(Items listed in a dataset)
+++++

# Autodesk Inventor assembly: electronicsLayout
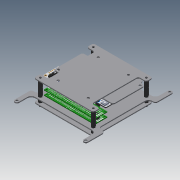
[picture p0: Inventor's stored thumbnail of the model, 180x180]
Saved by Autodesk Inventor 2018 (Build 220112000, 112)
## iProperties
Created: 2020-02-04
Part Number: electronicsLayout
Document SubType Name: Assembly
Designer: anirudh.bali
Author: anirudh.bali
## Documents named in this file (11)
- D:\Silicon Sharks\2019-2020\ElectronicsHousing\Prototype3\electronicsLayout.iam
- D:\Silicon Sharks\2019-2020\ElectronicsHousing\Prototype3\bottomPlate.ipt
- D:\Silicon Sharks\2019-2020\ElectronicsHousing\Components\standoffs\Separador plastico negro H-M M3x6x6mm.ipt
- D:\Silicon Sharks\2019-2020\ElectronicsHousing\Prototype3\groundPlate.ipt
- D:\Silicon Sharks\2019-2020\ElectronicsHousing\Components\Adafruit_BNO055_AP214.ipt
- D:\Silicon Sharks\2019-2020\ElectronicsHousing\Components\arduinoUnoDetailed.ipt
- D:\Silicon Sharks\2019-2020\ElectronicsHousing\Components\PCB2x8.ipt
- D:\Silicon Sharks\2019-2020\ElectronicsHousing\Prototype3\escPlate.ipt
- D:\Silicon Sharks\2019-2020\ElectronicsHousing\Components\standoffs\Separador plastico negro H-M M3x10x6mm.ipt
- D:\Silicon Sharks\2019-2020\ElectronicsHousing\Components\standoffs\Separador plastico negro H-M M3x12x6mm.ipt
- D:\Silicon Sharks\2019-2020\ElectronicsHousing\Prototype3\ethernetPlate.ipt
## Components (29 placed, 10 different names)
1. bottomPlate:1 — Mate:1, Mate:2, Mate:3, Mate:4, Mate:5, Mate:6, Mate:7, Mate:8
2. Separador plastico negro H-M M3x6x6mm:1 — Mate:1, Mate:5, Mate:10
3. Separador plastico negro H-M M3x6x6mm:2 — Mate:4, Mate:8, Mate:13
4. Separador plastico negro H-M M3x6x6mm:3 — Mate:3, Mate:7, Mate:9, Mate:12
5. Separador plastico negro H-M M3x6x6mm:4 — Mate:2, Mate:6, Mate:11
6. groundPlate:1 — Mate:9, Mate:10, Mate:11, Mate:12, Mate:13, Mate:14, Mate:15, Mate:16, Mate:17, Mate:18, Mate:19, Mate:20, Mate:21, Mate:25, Mate:26, Mate:27, Mate:28, Mate:29, Mate:54, Mate:55, Mate:56, Mate:57, Mate:58, Mate:59, Mate:60, Mate:61
7. Adafruit_BNO055_AP214:1 — Mate:25, Mate:26, Mate:27
8. arduinoUnoDetailed:1 — Mate:22, Mate:23, Mate:24, Mate:36, Mate:37, Mate:38, Mate:39, Mate:40, Mate:41
9. PCB2x8:1 — Mate:28, Mate:29, Mate:30, Mate:31, Mate:32, Mate:33
10. Separador plastico negro H-M M3x6x6mm:5 — Mate:16, Mate:17, Mate:22
11. Separador plastico negro H-M M3x6x6mm:6 — Mate:18, Mate:19, Mate:23
12. Separador plastico negro H-M M3x6x6mm:7 — Mate:20, Mate:21, Mate:24
13. Separador plastico negro H-M M3x6x6mm:8 — Mate:14, Mate:15
14. Separador plastico negro H-M M3x6x6mm:9 — Mate:30, Mate:33, Mate:34, Mate:35
15. Separador plastico negro H-M M3x6x6mm:10 — Mate:31, Mate:32
16. PCB2x8:2 — Mate:34, Mate:35
17. escPlate:1 — Mate:42, Mate:43, Mate:44, Mate:45
18. Separador plastico negro H-M M3x10x6mm:1 — Mate:40, Mate:41, Mate:45
19. Separador plastico negro H-M M3x10x6mm:2 — Mate:38, Mate:39, Mate:43
20. Separador plastico negro H-M M3x10x6mm:3 — Mate:36, Mate:37, Mate:42, Mate:44
21. Separador plastico negro H-M M3x12x6mm:1 — Mate:46, Mate:47, Mate:54, Flush:1
22. Separador plastico negro H-M M3x12x6mm:2 — Mate:52, Mate:53, Mate:60, Flush:4
23. Separador plastico negro H-M M3x12x6mm:3 — Mate:50, Mate:51, Mate:58, Flush:3
24. Separador plastico negro H-M M3x12x6mm:4 — Mate:48, Mate:49, Mate:56, Flush:2
25. Separador plastico negro H-M M3x12x6mm:5 — Mate:46, Mate:47, Mate:55, Flush:1, Mate:62, Mate:64
26. Separador plastico negro H-M M3x12x6mm:6 — Mate:52, Mate:53, Mate:61, Flush:4, Mate:65
27. Separador plastico negro H-M M3x12x6mm:7 — Mate:50, Mate:51, Mate:59, Flush:3, Mate:66
28. Separador plastico negro H-M M3x12x6mm:8 — Mate:48, Mate:49, Mate:57, Flush:2, Mate:63
29. ethernetPlate:1 — Mate:62, Mate:63, Mate:64, Mate:65, Mate:66
## Relationships (70: Mate 66, Flush 4)
- Mate:1: bottomPlate:1 ↔ Separador plastico negro H-M M3x6x6mm:1
- Mate:2: bottomPlate:1 ↔ Separador plastico negro H-M M3x6x6mm:4
- Mate:3: bottomPlate:1 ↔ Separador plastico negro H-M M3x6x6mm:3
- Mate:4: bottomPlate:1 ↔ Separador plastico negro H-M M3x6x6mm:2
- Mate:5: bottomPlate:1 ↔ Separador plastico negro H-M M3x6x6mm:1
- Mate:6: bottomPlate:1 ↔ Separador plastico negro H-M M3x6x6mm:4
- Mate:7: bottomPlate:1 ↔ Separador plastico negro H-M M3x6x6mm:3
- Mate:8: bottomPlate:1 ↔ Separador plastico negro H-M M3x6x6mm:2
- Mate:9: Separador plastico negro H-M M3x6x6mm:3 ↔ groundPlate:1
- Mate:10: Separador plastico negro H-M M3x6x6mm:1 ↔ groundPlate:1
- Mate:11: Separador plastico negro H-M M3x6x6mm:4 ↔ groundPlate:1
- Mate:12: Separador plastico negro H-M M3x6x6mm:3 ↔ groundPlate:1
- Mate:13: Separador plastico negro H-M M3x6x6mm:2 ↔ groundPlate:1
- Mate:14: groundPlate:1 ↔ Separador plastico negro H-M M3x6x6mm:8
- Mate:15: groundPlate:1 ↔ Separador plastico negro H-M M3x6x6mm:8
- Mate:16: groundPlate:1 ↔ Separador plastico negro H-M M3x6x6mm:5
- Mate:17: groundPlate:1 ↔ Separador plastico negro H-M M3x6x6mm:5
- Mate:18: groundPlate:1 ↔ Separador plastico negro H-M M3x6x6mm:6
- Mate:19: groundPlate:1 ↔ Separador plastico negro H-M M3x6x6mm:6
- Mate:20: groundPlate:1 ↔ Separador plastico negro H-M M3x6x6mm:7
- Mate:21: groundPlate:1 ↔ Separador plastico negro H-M M3x6x6mm:7
- Mate:22: arduinoUnoDetailed:1 ↔ Separador plastico negro H-M M3x6x6mm:5
- Mate:23: arduinoUnoDetailed:1 ↔ Separador plastico negro H-M M3x6x6mm:6
- Mate:24: arduinoUnoDetailed:1 ↔ Separador plastico negro H-M M3x6x6mm:7
- Mate:25: groundPlate:1 ↔ Adafruit_BNO055_AP214:1
- Mate:26: groundPlate:1 ↔ Adafruit_BNO055_AP214:1
- Mate:27: groundPlate:1 ↔ Adafruit_BNO055_AP214:1
- Mate:28: groundPlate:1 ↔ PCB2x8:1
- Mate:29: groundPlate:1 ↔ PCB2x8:1
- Mate:30: PCB2x8:1 ↔ Separador plastico negro H-M M3x6x6mm:9
- Mate:31: PCB2x8:1 ↔ Separador plastico negro H-M M3x6x6mm:10
- Mate:32: PCB2x8:1 ↔ Separador plastico negro H-M M3x6x6mm:10
- Mate:33: PCB2x8:1 ↔ Separador plastico negro H-M M3x6x6mm:9
- Mate:34: Separador plastico negro H-M M3x6x6mm:9 ↔ PCB2x8:2
- Mate:35: Separador plastico negro H-M M3x6x6mm:9 ↔ PCB2x8:2
- Mate:36: arduinoUnoDetailed:1 ↔ Separador plastico negro H-M M3x10x6mm:3
- Mate:37: arduinoUnoDetailed:1 ↔ Separador plastico negro H-M M3x10x6mm:3
- Mate:38: arduinoUnoDetailed:1 ↔ Separador plastico negro H-M M3x10x6mm:2
- Mate:39: arduinoUnoDetailed:1 ↔ Separador plastico negro H-M M3x10x6mm:2
- Mate:40: arduinoUnoDetailed:1 ↔ Separador plastico negro H-M M3x10x6mm:1
- Mate:41: arduinoUnoDetailed:1 ↔ Separador plastico negro H-M M3x10x6mm:1
- Mate:42: escPlate:1 ↔ Separador plastico negro H-M M3x10x6mm:3
- Mate:43: escPlate:1 ↔ Separador plastico negro H-M M3x10x6mm:2
- Mate:44: escPlate:1 ↔ Separador plastico negro H-M M3x10x6mm:3
- Mate:45: escPlate:1 ↔ Separador plastico negro H-M M3x10x6mm:1
- Mate:46: Separador plastico negro H-M M3x12x6mm:1 ↔ Separador plastico negro H-M M3x12x6mm:5
- Mate:47: Separador plastico negro H-M M3x12x6mm:1 ↔ Separador plastico negro H-M M3x12x6mm:5
- Mate:48: Separador plastico negro H-M M3x12x6mm:4 ↔ Separador plastico negro H-M M3x12x6mm:8
- Mate:49: Separador plastico negro H-M M3x12x6mm:4 ↔ Separador plastico negro H-M M3x12x6mm:8
- Mate:50: Separador plastico negro H-M M3x12x6mm:3 ↔ Separador plastico negro H-M M3x12x6mm:7
- Mate:51: Separador plastico negro H-M M3x12x6mm:3 ↔ Separador plastico negro H-M M3x12x6mm:7
- Mate:52: Separador plastico negro H-M M3x12x6mm:2 ↔ Separador plastico negro H-M M3x12x6mm:6
- Mate:53: Separador plastico negro H-M M3x12x6mm:2 ↔ Separador plastico negro H-M M3x12x6mm:6
- Mate:54: groundPlate:1 ↔ Separador plastico negro H-M M3x12x6mm:1
- Mate:55: groundPlate:1 ↔ Separador plastico negro H-M M3x12x6mm:5
- Flush:1: Separador plastico negro H-M M3x12x6mm:1 ↔ Separador plastico negro H-M M3x12x6mm:5
- Mate:56: groundPlate:1 ↔ Separador plastico negro H-M M3x12x6mm:4
- Mate:57: groundPlate:1 ↔ Separador plastico negro H-M M3x12x6mm:8
- Flush:2: Separador plastico negro H-M M3x12x6mm:4 ↔ Separador plastico negro H-M M3x12x6mm:8
- Mate:58: groundPlate:1 ↔ Separador plastico negro H-M M3x12x6mm:3
- Mate:59: groundPlate:1 ↔ Separador plastico negro H-M M3x12x6mm:7
- Flush:3: Separador plastico negro H-M M3x12x6mm:3 ↔ Separador plastico negro H-M M3x12x6mm:7
- Mate:60: groundPlate:1 ↔ Separador plastico negro H-M M3x12x6mm:2
- Mate:61: groundPlate:1 ↔ Separador plastico negro H-M M3x12x6mm:6
- Flush:4: Separador plastico negro H-M M3x12x6mm:2 ↔ Separador plastico negro H-M M3x12x6mm:6
- Mate:62: Separador plastico negro H-M M3x12x6mm:5 ↔ ethernetPlate:1
- Mate:63: Separador plastico negro H-M M3x12x6mm:8 ↔ ethernetPlate:1
- Mate:64: Separador plastico negro H-M M3x12x6mm:5 ↔ ethernetPlate:1
- Mate:65: Separador plastico negro H-M M3x12x6mm:6 ↔ ethernetPlate:1
- Mate:66: Separador plastico negro H-M M3x12x6mm:7 ↔ ethernetPlate:1

+++++

§ Exercise description
Pictures excluded, repeat the records exactly from their opening line through the line containing "10. Separador plastico".

§ Task result
# Autodesk Inventor assembly: electronicsLayout
[picture p0: Inventor's stored thumbnail of the model, 180x180]
Saved by Autodesk Inventor 2018 (Build 220112000, 112)
## iProperties
Created: 2020-02-04
Part Number: electronicsLayout
Document SubType Name: Assembly
Designer: anirudh.bali
Author: anirudh.bali
## Documents named in this file (11)
- D:\Silicon Sharks\2019-2020\ElectronicsHousing\Prototype3\electronicsLayout.iam
- D:\Silicon Sharks\2019-2020\ElectronicsHousing\Prototype3\bottomPlate.ipt
- D:\Silicon Sharks\2019-2020\ElectronicsHousing\Components\standoffs\Separador plastico negro H-M M3x6x6mm.ipt
- D:\Silicon Sharks\2019-2020\ElectronicsHousing\Prototype3\groundPlate.ipt
- D:\Silicon Sharks\2019-2020\ElectronicsHousing\Components\Adafruit_BNO055_AP214.ipt
- D:\Silicon Sharks\2019-2020\ElectronicsHousing\Components\arduinoUnoDetailed.ipt
- D:\Silicon Sharks\2019-2020\ElectronicsHousing\Components\PCB2x8.ipt
- D:\Silicon Sharks\2019-2020\ElectronicsHousing\Prototype3\escPlate.ipt
- D:\Silicon Sharks\2019-2020\ElectronicsHousing\Components\standoffs\Separador plastico negro H-M M3x10x6mm.ipt
- D:\Silicon Sharks\2019-2020\ElectronicsHousing\Components\standoffs\Separador plastico negro H-M M3x12x6mm.ipt
- D:\Silicon Sharks\2019-2020\ElectronicsHousing\Prototype3\ethernetPlate.ipt
## Components (29 placed, 10 different names)
1. bottomPlate:1 — Mate:1, Mate:2, Mate:3, Mate:4, Mate:5, Mate:6, Mate:7, Mate:8
2. Separador plastico negro H-M M3x6x6mm:1 — Mate:1, Mate:5, Mate:10
3. Separador plastico negro H-M M3x6x6mm:2 — Mate:4, Mate:8, Mate:13
4. Separador plastico negro H-M M3x6x6mm:3 — Mate:3, Mate:7, Mate:9, Mate:12
5. Separador plastico negro H-M M3x6x6mm:4 — Mate:2, Mate:6, Mate:11
6. groundPlate:1 — Mate:9, Mate:10, Mate:11, Mate:12, Mate:13, Mate:14, Mate:15, Mate:16, Mate:17, Mate:18, Mate:19, Mate:20, Mate:21, Mate:25, Mate:26, Mate:27, Mate:28, Mate:29, Mate:54, Mate:55, Mate:56, Mate:57, Mate:58, Mate:59, Mate:60, Mate:61
7. Adafruit_BNO055_AP214:1 — Mate:25, Mate:26, Mate:27
8. arduinoUnoDetailed:1 — Mate:22, Mate:23, Mate:24, Mate:36, Mate:37, Mate:38, Mate:39, Mate:40, Mate:41
9. PCB2x8:1 — Mate:28, Mate:29, Mate:30, Mate:31, Mate:32, Mate:33
10. Separador plastico negro H-M M3x6x6mm:5 — Mate:16, Mate:17, Mate:22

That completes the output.